US stimulus schemes have caused Asian stocks to rise due to the virus’s havoc


SYDNEY (Reuters) – Asian stocks rose on Monday as concerns over rising cases of COVID-19 and delayed vaccine supply stemmed from expectations of a $ 1.9 trillion fiscal stimulus plan to help revive the US economy.

FILE PHOTO: A man works on the Tokyo Stock Exchange after the market opens on October 2, 2020 in Tokyo, Japan. REUTERS / Kim Kyung-Hoon

Global equity markets have placed bets at record highs in recent times as the COVID vaccines begin to reduce worldwide inflation rates and a strong US economic recovery under President Joe Biden.

Nevertheless, investors are concerned about the answers to questions asked about the efficiency of vaccines to curb the epidemic and USlawmakers continue to debate a coronavirus assistance package.

MSCI’s largest index of Asia-Pacific shares outside Japan rose slightly from 721.96 and is only a short distance from last week’s record high of 727.31.

The benchmark is up 8.5% in January, on track for its straight monthly growth.

Japan’s Nikkei was up 0.36% in early trade.

Australian shares were slightly higher after the country’s drug regulator approved the Pfizer / BioNTech COVID-19 vaccine. Officials said the phased rollout will begin at the end of next month.

Chinese stocks rose, with the blue-chip CSI300 index gaining 0.6%.

“The spotlight will be in Washington DC this week,” said Stephen Innes, chief global market strategist.

The Biden administration tried to counter Republican concerns that his $ 1.9 trillion pandemic relief proposal was too costly with lawmakers from both parties, saying they agreed that Americans should be a priority to receive the COVID-19 vaccine.

Financial markets are largely eyeing US economic stimulus, though disagreements mean that there are months of indecision in more than 175,000 COVID-19 cases in a country with millions out of work.

“Vaccine successes make it likely that life will become more functional again at some point in 2021, resulting in higher GDP growth and more robust corporate income,” Ince said.

“But rising global COVID19 infections, new forms of the virus, tightening of social disturbance restrictions and delaying vaccine rollout in some locations all increase the risk of near-term development.”

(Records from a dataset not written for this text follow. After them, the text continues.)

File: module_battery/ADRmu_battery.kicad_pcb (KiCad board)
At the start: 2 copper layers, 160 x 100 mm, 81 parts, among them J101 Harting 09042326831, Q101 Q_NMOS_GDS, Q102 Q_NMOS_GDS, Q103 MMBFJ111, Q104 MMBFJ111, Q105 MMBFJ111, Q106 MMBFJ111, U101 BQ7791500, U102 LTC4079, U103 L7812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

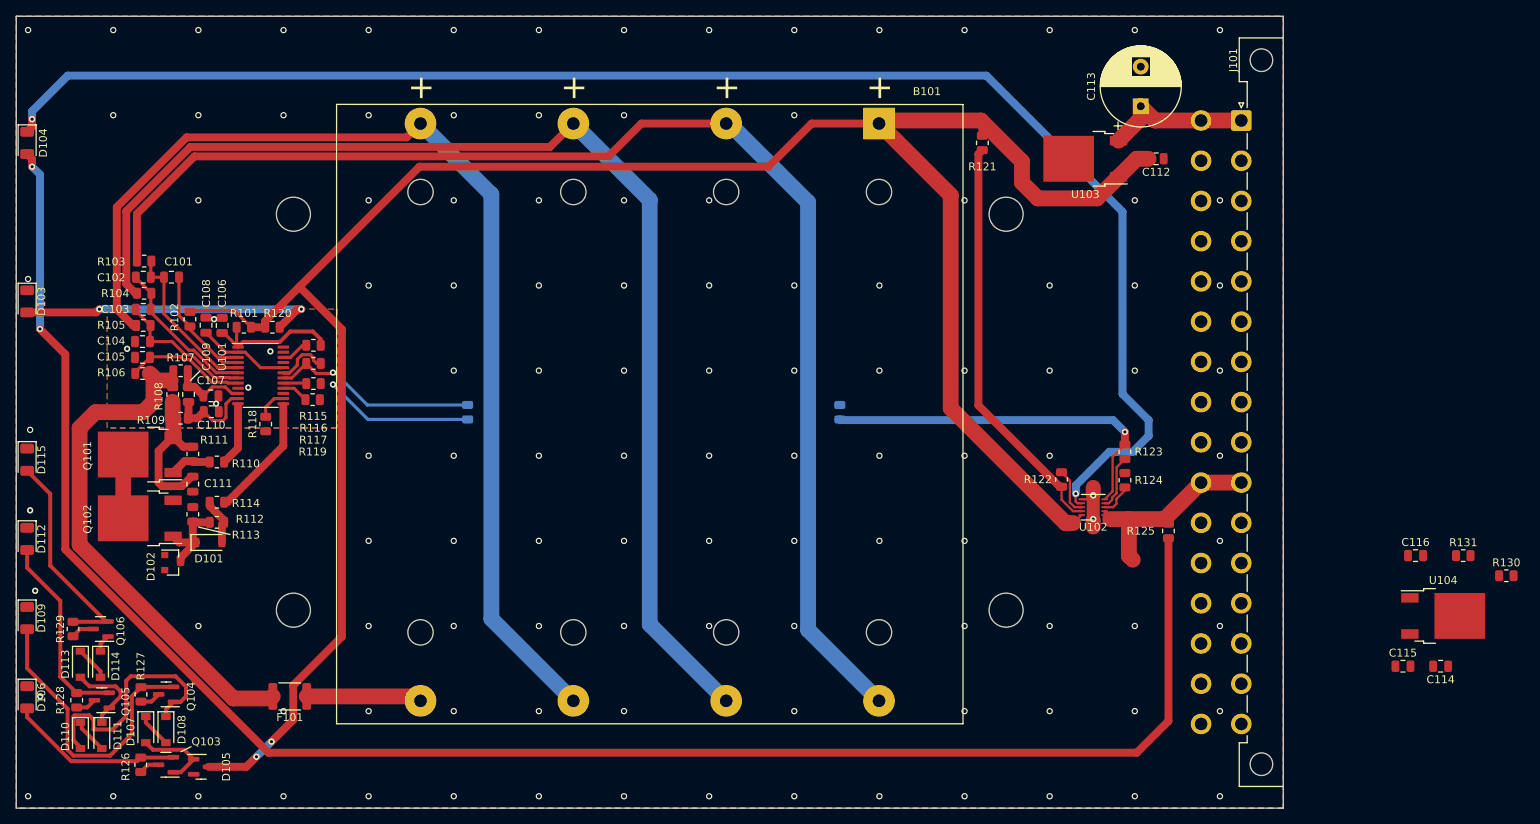
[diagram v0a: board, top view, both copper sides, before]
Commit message: battery module rev 0.3 routed
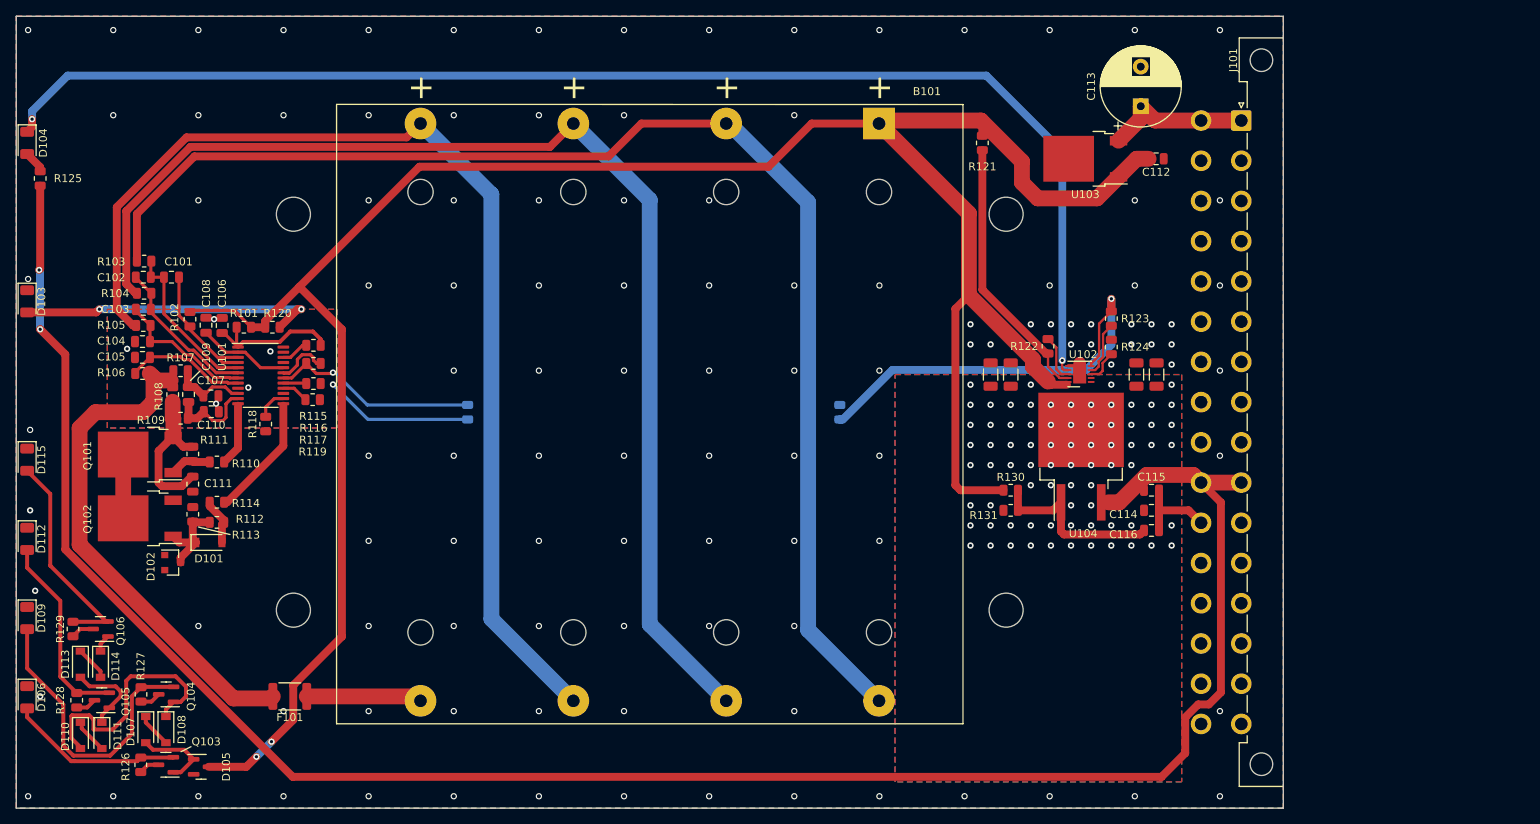
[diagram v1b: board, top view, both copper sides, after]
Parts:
- added HS101: THJP1206AST1, Capacitor_SMD:C_1206_3216Metric, F.Cu at (193.0, 95.2)
- added HS102: THJP1206AST1, Capacitor_SMD:C_1206_3216Metric, F.Cu at (195.6, 95.2)
- added HS103: THJP1206AST1, Capacitor_SMD:C_1206_3216Metric, F.Cu at (211.5, 95.2)
- added HS104: THJP1206AST1, Capacitor_SMD:C_1206_3216Metric, F.Cu at (214.0, 95.2)
- U104: value LM317_TO-252 -> LM317_TO-263; footprint Package_TO_SOT_SMD:TO-252-2 -> Package_TO_SOT_SMD:TO-263-2
- moved R125 149.3 mm to (73.0, 70.5), turned to 90 degrees
- moved R130 63.5 mm to (195.6, 109.9), turned to 180 degrees
- moved R131 57.4 mm to (195.6, 112.4)
- moved U104 50.0 mm to (204.5, 105.6), turned to 90 degrees
- moved C114 41.5 mm to (213.4, 112.4), turned to 0 degrees
- moved C115 38.8 mm to (213.4, 109.9)
- moved C116 33.5 mm to (213.4, 114.9)
- moved R124 16.9 mm to (208.3, 91.8)
- moved R122 16.9 mm to (200.3, 91.7)
- moved R123 16.9 mm to (208.3, 88.2)
- moved U102 16.9 mm to (204.3, 95.2)
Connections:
- net Net-(U102-Pad1) renamed /dropped_in+
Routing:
- net /in+: track 24.4 -> 258.4 mm, vias 0 -> 2
- net Net-(D104-Pad2): track 226.6 -> 2.86 mm, vias 2 -> 0
- net Net-(D104-Pad1): track 193.9 -> 167.0 mm
- net Net-(C116-Pad1): track 0.00 -> 22.9 mm
- net Net-(R121-Pad1): track 52.0 -> 34.0 mm
- net +BATT: track 278.0 -> 290.4 mm
- net /-i/o: track 6.46 -> 14.0 mm
- net Net-(R123-Pad1): track 46.2 -> 53.7 mm
- net /dropped_in+: vias 0 -> 75
- added copper zone on B.Cu, net /dropped_in+
- added copper zone on F.Cu, net /dropped_in+
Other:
- board text added: "ADRmu Battery module Rev 0.3"
- board text removed: "ADRmu Battery module Rev 0.2"

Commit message: Battery module Rev 0.4 routed
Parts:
- removed D107, D108, D110, D111, D113, D114: 1N4148, Diode_SMD:D_SOD-123
- removed D115: LT Y8SG-V2AB-36, LED_SMD:LED_1206_3216Metric
- removed Q103, Q104, Q105, Q106: MMBFJ111, Package_TO_SOT_SMD:SOT-23
- added C117: 100n 50V, Capacitor_SMD:C_0805_2012Metric, F.Cu at (84.5, 130.8)
- added D116: RS1D-13-F, Diode_SMD:D_SMA, F.Cu at (214.0, 106.7)
- added R132: 33k, Resistor_SMD:R_0805_2012Metric, F.Cu at (79.4, 131.7)
- added R133: 1k8, Resistor_SMD:R_0805_2012Metric, F.Cu at (79.4, 135.3)
- added R134: 1k8, Resistor_SMD:R_0805_2012Metric, F.Cu at (79.4, 138.7)
- added R135: 68k, Resistor_SMD:R_0805_2012Metric, F.Cu at (79.4, 142.2)
- added R136: 10k, Resistor_SMD:R_0805_2012Metric, F.Cu at (89.5, 135.5)
- added R137: 10k, Resistor_SMD:R_0805_2012Metric, F.Cu at (89.5, 139.1)
- added U105: LM339, Package_SO:SOIC-14_3.9x8.7mm_P1.27mm, F.Cu at (84.5, 136.5)
- R126, R127, R128: value 5k1 -> 49k9
- R129: value 1k2 -> 10k
- moved R129 27.1 mm to (98.4, 144.1), turned to 0 degrees
- moved R128 17.1 mm to (71.8, 120.4)
- moved R127 15.0 mm to (71.8, 130.2)
- moved R126 14.7 mm to (71.8, 140.1)
- moved D105 1.27 mm to (94.6, 144.8)
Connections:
- C115 pad 1: /in+ -> Net-(C115-Pad1)
- D105 pad 1: Net-(D105-Pad1) -> /-i/o
- D105 pad 3: +BATT -> Net-(R132-Pad2)
- D106 pad 1: /-i/o -> Net-(D106-Pad1)
- D109 pad 1: /-i/o -> Net-(D109-Pad1)
- D112 pad 1: /-i/o -> Net-(D112-Pad1)
- R125 pad 1: /in+ -> Net-(C115-Pad1)
- R126 pad 2: Net-(Q103-Pad3) -> +BATT
- R127 pad 2: Net-(Q104-Pad3) -> +BATT
- R128 pad 2: Net-(Q105-Pad3) -> +BATT
- R129 pad 1: Net-(D115-Pad2) -> Net-(R132-Pad2)
- R129 pad 2: Net-(Q106-Pad3) -> +BATT
- U104 pad 3: /in+ -> Net-(C115-Pad1)
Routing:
- net Net-(C115-Pad1): track 0.00 -> 257.5 mm, vias 0 -> 2
- net /in+: track 258.4 -> 9.62 mm, vias 2 -> 0
- net +BATT: track 290.4 -> 371.2 mm, vias 2 -> 7
- net Net-(D109-Pad2): track 37.4 -> 2.02 mm
- net Net-(R132-Pad2): track 0.00 -> 33.4 mm
- net Net-(D108-Pad1): track 31.9 -> 0.00 mm
- net Net-(D115-Pad2): track 27.8 -> 0.00 mm
- net Net-(D112-Pad1): track 0.00 -> 27.8 mm
- net Net-(D112-Pad2): track 24.8 -> 2.22 mm
- net Net-(D106-Pad2): track 22.1 -> 1.90 mm
- net Net-(D109-Pad1): track 0.00 -> 15.0 mm
- net Net-(D106-Pad1): track 0.00 -> 14.5 mm, vias 0 -> 2
- net Net-(R136-Pad1): track 0.00 -> 13.7 mm
- net Net-(R134-Pad1): track 0.00 -> 12.6 mm, vias 0 -> 2
- net Net-(D111-Pad1): track 10.7 -> 0.00 mm
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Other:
- board text added: "ADRmu Battery module Rev 0.4"
- board text removed: "ADRmu Battery module Rev 0.3"

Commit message: Battery module Rev 0.6 update
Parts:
- removed R123: 10k, Resistor_SMD:R_0805_2012Metric
- H101, H102, H103, H104: footprint MountingHole:MountingHole_4.3mm_M4 -> MountingHole:MountingHole_5.3mm_M5
- R132: value 33k -> 22k
- R133, R134: value 1k8 -> 6k8
- R135: value 68k -> 82k
- TH102: value CMFB3435103FNT -> Alternative 10k NTC; footprint Resistor_SMD:R_0805_2012Metric -> Resistor_THT:R_Axial_DIN0204_L3.6mm_D1.6mm_P2.54mm_Vertical; moved to F.Cu
- moved TH102 65.7 mm to (108.4, 103.3), turned to 90 degrees
- renumbered D112 to D106, D106 to D112, R128 to R126, R126 to R128
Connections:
- D106 pad 1: Net-(D112-Pad1) -> Net-(D106-Pad1)
- D112 pad 1: Net-(D106-Pad1) -> Net-(D112-Pad1)
- TH102 pad 1: /-i/o -> Net-(R116-Pad1)
- TH102 pad 2: Net-(R123-Pad1) -> GND
- U102 pad 4: Net-(R123-Pad2) -> unconnected-(U102-Pad4)
- U102 pad 5: Net-(R123-Pad1) -> /-i/o
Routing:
- net Net-(R123-Pad1): track 53.7 -> 0.00 mm, vias 1 -> 0
- net +BATT: track 371.2 -> 353.0 mm
- net Net-(D112-Pad1): track 27.8 -> 17.0 mm, vias 0 -> 2
- net Net-(D106-Pad1): track 14.5 -> 25.3 mm
- net Net-(R116-Pad1): track 26.3 -> 35.6 mm
- net Net-(R123-Pad2): track 6.94 -> 0.00 mm
- net /-i/o: track 14.0 -> 15.6 mm, vias 115 -> 114
- net Net-(R121-Pad1): track 34.0 -> 35.3 mm
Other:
- board text added: "ADRmu Battery module Rev 0.6"
- board text removed: "ADRmu Battery module Rev 0.4"

Global COVID-19 cases are moving towards 100 million with more than 2 million dead.

Hong Kong closed an area of ​​the Kowloon Peninsula on Saturday, the first such measure in the city since the epidemic began.

The report of the new UK COVID variant was not only highly contagious, but perhaps even more fatal than the original strain, adding to the concerns.

In the European Union, political leaders expressed widespread disagreement in fulfilling the promises made by AstraZeneca and Pfizer Inc., with the Italian Prime Minister calling for the exclusion of the vaccine suppliers, which said serious violations of contractual obligations The reason is delayed.

On Friday, the Dow lost 0.57%, the S&P 500 lost 0.30% and the Nasdaq lost 0.09%. The three main US indices closed higher for the week, with the Nasdaq up more than 4%.

Jefferies analysts said the US stock market appeared to be overvalued, although they still remain bullish.

Analyst Christopher Wood said, “Instead of bull market correction for the stock market is a real bad time, there needs to be a catalyst.”

“That means either an economic downturn or tightening material in Fed policy,” Wood said, adding that neither was likely to happen in a hurry.

In currencies, the major pairs were stuck in a tight range as the markets awaited the US Federal Reserve meeting on Wednesday.

The dollar index was flat at $ 90.19, with the euro at $ 1.2169, while sterling was last traded at $ 1.3691.

The Japanese yen was unchanged at 103.77 per dollar.

In commodities, oil prices fell with Brent to close at $ 12.24 a barrel and US crude by 3 cents to close at $ 52.24.

Gold spot prices rose 0.2% to 1,855.9 per ounce.